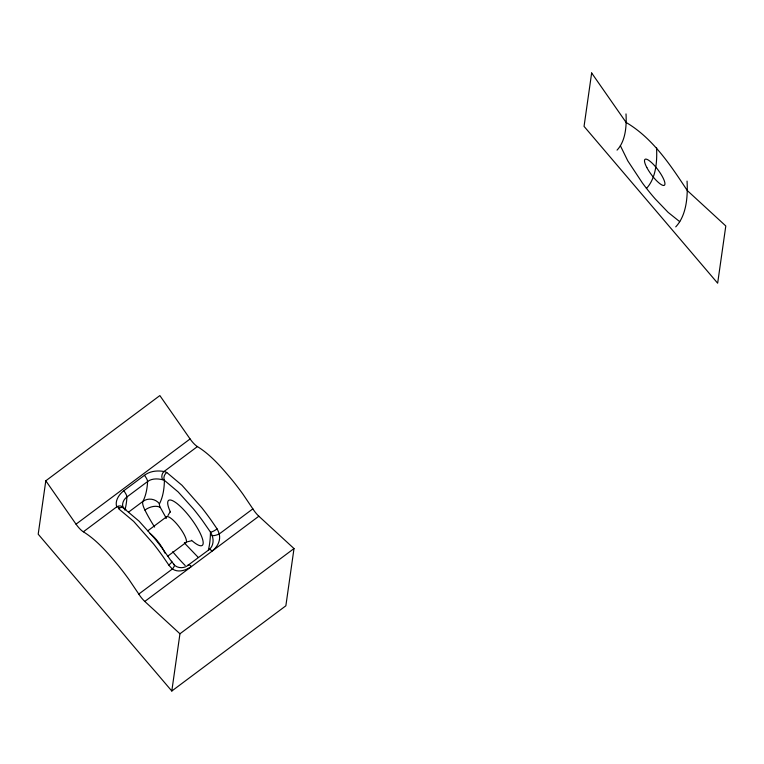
<?xml version="1.0" encoding="UTF-8"?>
<svg xmlns="http://www.w3.org/2000/svg" width="764" height="764" viewBox="0 0 764 764"><rect width="100%" height="100%" fill="white"/><g stroke="black" fill="none" stroke-linecap="round" stroke-linejoin="round"><path stroke-width="1.15" d="M45.802 480.795L38.2 534.189L171.804 691.019L285.86 605.804L294.006 548.562L258.853 516.225A10.515 2.655 53.2 0 1 252.855 508.862L243.124 494.423A79.084 19.969 53.2 0 0 232.323 480.25C221.942 467.883 211.275 455.172 197.418 446.577A10.515 2.655 53.2 0 1 190.083 438.956L159.857 395.58L45.802 480.795L76.028 524.171A10.515 2.655 53.2 0 0 83.362 531.792C97.209 540.396 107.886 553.107 118.258 565.465A79.084 19.969 53.2 0 1 129.059 579.637L138.79 594.077A10.515 2.655 53.2 0 0 144.788 601.44L179.951 633.776L171.804 691.019M170.248 511.641L167.937 515.538M186.492 566.382L208.706 549.937C213.213 546.776 214.082 540.368 212.077 535.507A19.234 18.212 -24.8 0 0 210.472 532.116L202.269 520.322A72.733 18.365 53.2 0 0 193.368 508.834L178.184 491.959L164.413 480.355A22.032 11.546 -64.7 0 0 162.818 479.706M197.418 446.577L164.031 471.512C157.374 470.28 149.945 471.054 144.463 475.303L123.787 490.746C119.127 494.289 114.648 500.84 116.739 506.847A5.596 4.851 -46.1 0 1 124.026 508.738M144.788 601.44L258.853 516.225M76.028 524.171L190.083 438.956M83.362 531.792L116.739 506.847M128.686 512.033L142.897 501.413A365.526 92.291 53.2 0 0 147.586 481.54A6.866 1.738 53.2 0 0 144.463 475.303M147.758 530.837L166.542 516.798M167.45 556.383L186.244 542.335M138.79 594.077L172.425 568.951A5.539 1.9 -44.7 0 0 173.6 564.262C176.446 567.728 181.622 568.521 185.633 566.783M252.855 508.862L219.22 533.998A5.539 1.308 -20 0 1 212.077 535.507M179.951 633.776L294.006 548.562M187.132 541.857L191.477 540.769M679.721 221.655L668.128 212.373L655.245 198.946A67.977 17.161 53.2 0 1 642.438 183.035L627.798 160.879L620.378 145.733M172.425 568.951C178.241 573.019 186.177 570.307 191.363 566.449A7.268 1.834 53.2 0 0 188.03 565.37M197.952 557.118L184.602 543.194M123.548 508.346C121.132 504.603 123.558 499.341 126.91 496.982L147.586 481.54C151.883 478.302 157.804 478.531 162.789 479.773A5.596 4.46 -72.5 0 1 164.031 471.512M208.696 549.927A7.268 1.834 53.2 0 1 212.039 551.016C217.329 547.291 220.93 540.492 219.22 533.998A25.861 25.241 -10.8 0 0 217.091 528.908L211.275 520.399A78.692 19.874 53.2 0 0 201.82 507.764L182.013 485.312L166.762 472.477A5.94 4.746 -57 0 0 164.403 480.355A377.416 95.299 53.2 0 1 159.475 503.762A9.063 2.292 53.2 0 0 160.354 507.544L166.199 518.049M168.768 565.016L162.952 556.498A78.692 19.874 53.2 0 0 153.497 543.863L133.69 521.411L118.439 508.585A5.94 4.746 -57.1 0 1 125.306 509.569L139.077 521.172L154.261 538.047A72.733 18.365 53.2 0 1 163.171 549.545L171.375 561.33A5.94 1.347 -33.3 0 1 168.768 565.016A25.861 20.829 72.4 0 0 172.444 568.922M119.633 508.518A27.8 9.474 10.1 0 1 117.685 506.857M159.475 503.762A11.89 11.422 27.4 0 0 142.897 501.413A20.867 5.272 53.2 0 0 144.931 510.104A61.97 15.643 53.2 0 0 154.624 527.055M124.866 510.113A365.526 92.291 53.2 0 0 126.91 496.982A6.866 1.738 53.2 0 0 123.787 490.746M125.888 509.502A22.032 5.778 2 0 1 124.637 508.805M173.724 564.08A19.234 15.261 84.5 0 1 171.547 561.158M144.912 510.094A11.89 6.952 -25.9 0 1 160.354 507.535M208.4 549.975A450.168 113.664 53.2 0 0 210.472 532.107A5.94 1.347 -33.3 0 0 217.091 528.908M150.078 533.587A16.187 4.087 53.2 0 1 164.881 553.05M165.998 518.231A16.187 4.087 53.2 0 1 179.511 527.341A16.187 4.087 53.2 0 1 184.372 542.841M170.458 512.042A28.077 7.086 53.2 0 1 177.038 503.552A28.077 7.086 53.2 0 1 201.62 536.481A28.077 7.086 53.2 0 1 191.535 540.282M164.059 471.426A27.8 17.582 -70.7 0 1 166.724 472.563M185.251 565.561A65.589 16.56 53.2 0 1 172.731 551.723M656.524 147.509A413.878 104.496 53.2 0 1 646.382 188.498M687.046 181.097A462.22 116.711 53.2 0 1 675.72 226.87M626.002 113.922A365.526 92.291 53.2 0 1 617.045 150.116M591.651 72.981L584.049 126.375L717.654 283.205L725.8 225.963L687.247 190.503C670.572 165.196 652.771 138.15 626.136 122.469L591.651 72.981M646.831 167.545A16.187 4.087 53.2 0 0 664.298 185.318A16.187 4.087 53.2 0 0 653.01 163.993A16.187 4.087 53.2 0 0 646.831 167.545"/></g></svg>
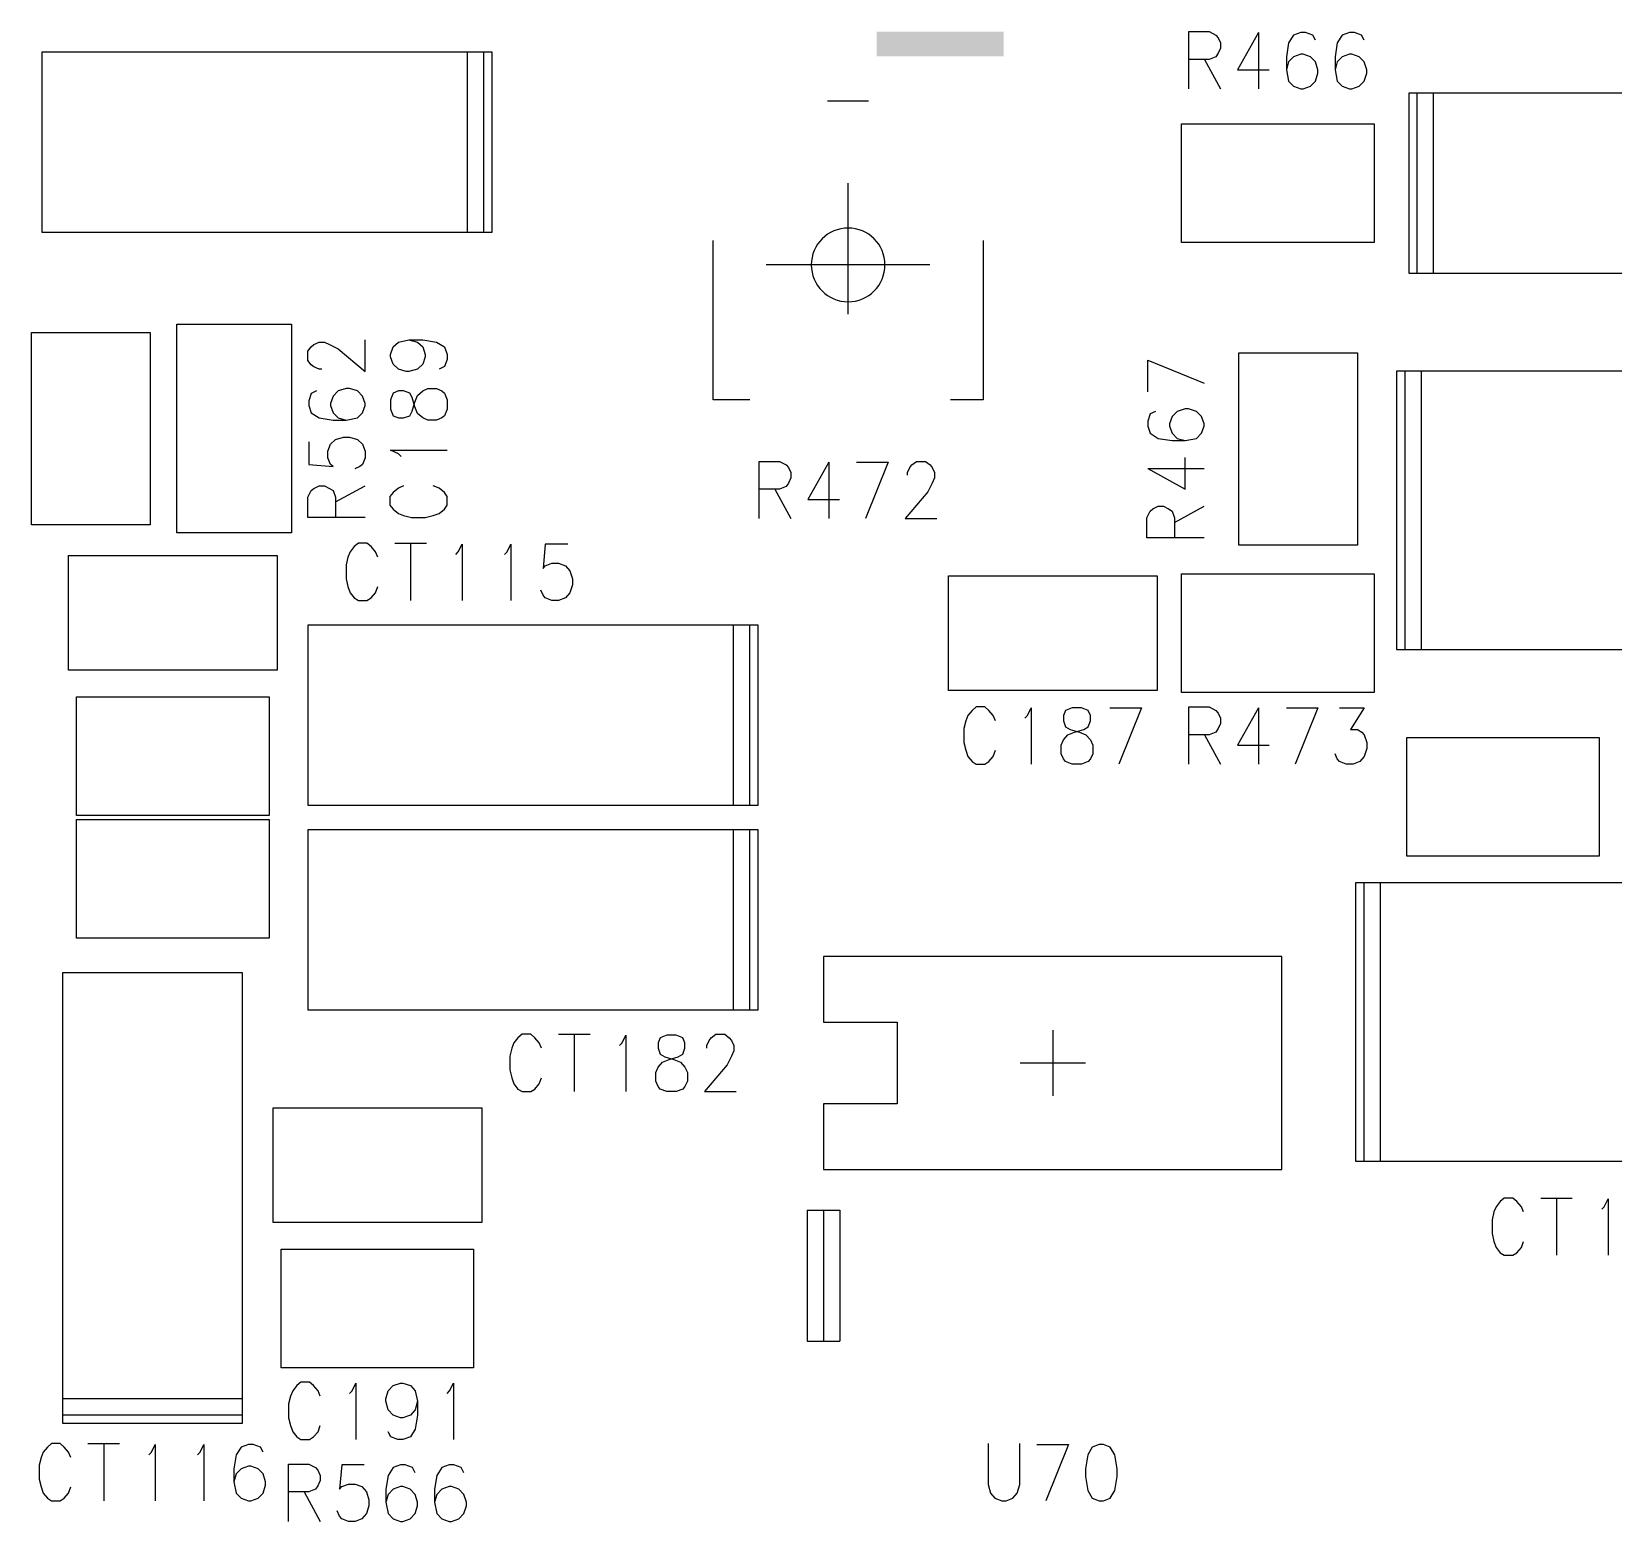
# Model space of a CAD drawing. Extents: x 295 to 953, y 10 to 290.
# Drawn here: x 597.09 to 628.98, y 100.51 to 130.54 of the extents above; entities that cross this region are included whole.
import ezdxf

# ---------------------------------------------------------------- set-up
doc = ezdxf.new("R2010")
doc.units = 0
doc.header["$LTSCALE"] = 5
doc.header["$MEASUREMENT"] = 0
doc.layers.add('13_C-SILK_GBR', color=7, linetype='CONTINUOUS')

msp = doc.modelspace()

# ---------------------------------------------------------------- linework, layer by layer
at = {"layer": '13_C-SILK_GBR'}
for p, q in [((620.423, 129.385), (620.423, 130.54)), ((620.423, 130.54), (620.832, 130.54)), ((620.832, 130.54), (620.966, 130.471)), ((620.966, 130.471), (621.011, 130.418)), ((621.011, 130.418), (621.062, 130.312)), ((621.826, 130.522), (621.405, 129.769)), ((621.826, 130.522), (621.826, 129.385)), ((622.534, 130.471), (622.431, 130.312)), ((622.68, 130.522), (622.534, 130.471)), ((622.776, 130.522), (622.68, 130.522)), ((622.923, 130.471), (622.776, 130.522)), ((622.974, 130.365), (622.923, 130.471)), ((623.515, 130.471), (623.413, 130.312)), ((623.662, 130.522), (623.515, 130.471)), ((623.758, 130.522), (623.662, 130.522)), ((623.905, 130.471), (623.758, 130.522)), ((623.956, 130.365), (623.905, 130.471)), ((605.88, 130.128), (597.3, 130.128)), ((597.3, 130.128), (597.3, 126.498)), ((606.21, 130.128), (605.88, 130.128)), ((605.88, 126.498), (605.88, 130.128)), ((606.375, 130.128), (606.21, 130.128)), ((606.21, 126.498), (606.21, 130.128)), ((606.375, 126.498), (606.375, 130.128)), ((621.011, 130.103), (620.966, 130.032)), ((621.062, 130.207), (621.011, 130.103)), ((621.062, 130.312), (621.062, 130.207)), ((622.431, 130.312), (622.387, 130.032)), ((623.413, 130.312), (623.368, 130.032)), ((620.832, 129.981), (620.423, 129.981)), ((620.737, 129.981), (621.062, 129.385)), ((620.966, 130.032), (620.832, 129.981)), ((622.387, 130.032), (622.387, 129.769)), ((622.431, 129.928), (622.387, 129.769)), ((622.534, 130.032), (622.431, 129.928)), ((622.68, 130.085), (622.534, 130.032)), ((622.725, 130.085), (622.68, 130.085)), ((622.872, 130.032), (622.725, 130.085)), ((622.974, 129.928), (622.872, 130.032)), ((623.025, 129.769), (622.974, 129.928)), ((623.368, 130.032), (623.368, 129.769)), ((623.413, 129.928), (623.368, 129.769)), ((623.515, 130.032), (623.413, 129.928)), ((623.662, 130.085), (623.515, 130.032)), ((623.707, 130.085), (623.662, 130.085)), ((623.854, 130.032), (623.707, 130.085)), ((623.956, 129.928), (623.854, 130.032)), ((624.007, 129.769), (623.956, 129.928)), ((621.405, 129.769), (622.043, 129.769)), ((622.387, 129.769), (622.431, 129.542)), ((622.431, 129.542), (622.534, 129.438)), ((622.872, 129.438), (622.974, 129.542)), ((622.974, 129.542), (623.025, 129.7)), ((623.025, 129.7), (623.025, 129.769)), ((623.368, 129.769), (623.413, 129.542)), ((623.413, 129.542), (623.515, 129.438)), ((623.854, 129.438), (623.956, 129.542)), ((623.956, 129.542), (624.007, 129.7)), ((624.007, 129.7), (624.007, 129.769)), ((613.965, 129.138), (613.14, 129.138)), ((622.534, 129.438), (622.68, 129.385)), ((622.68, 129.385), (622.725, 129.385)), ((622.725, 129.385), (622.872, 129.438)), ((623.515, 129.438), (623.662, 129.385)), ((623.662, 129.385), (623.707, 129.385)), ((623.707, 129.385), (623.854, 129.438)), ((625.02, 129.303), (624.855, 129.303)), ((624.855, 129.303), (624.855, 125.673)), ((625.35, 129.303), (625.02, 129.303)), ((625.02, 129.303), (625.02, 125.673)), ((625.35, 129.303), (625.35, 125.673)), ((633.93, 129.303), (625.35, 129.303)), ((620.276, 126.291), (620.276, 128.684)), ((620.276, 128.684), (624.154, 128.684)), ((624.154, 128.684), (624.154, 126.291)), ((613.553, 124.848), (613.553, 127.488)), ((597.3, 126.498), (605.88, 126.498)), ((605.88, 126.498), (606.21, 126.498)), ((606.21, 126.498), (606.375, 126.498)), ((610.83, 123.115), (610.83, 126.333)), ((616.275, 126.333), (616.275, 123.115)), ((624.154, 126.291), (620.276, 126.291)), ((615.203, 125.838), (611.903, 125.838)), ((624.855, 125.673), (625.02, 125.673)), ((625.02, 125.673), (625.35, 125.673)), ((625.35, 125.673), (633.93, 125.673)), ((597.094, 120.599), (597.094, 124.476)), ((597.094, 124.476), (599.486, 124.476)), ((599.486, 124.476), (599.486, 120.599)), ((600.023, 120.434), (600.023, 124.641)), ((600.023, 124.641), (602.333, 124.641)), ((602.333, 124.641), (602.333, 120.434)), ((602.663, 124.1), (602.732, 124.189)), ((602.663, 123.914), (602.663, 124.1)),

__What is being asked__. Please go line by line through the records above, copying each one that holds the string "header".

__Response to this task__.
doc.header["$LTSCALE"] = 5
doc.header["$MEASUREMENT"] = 0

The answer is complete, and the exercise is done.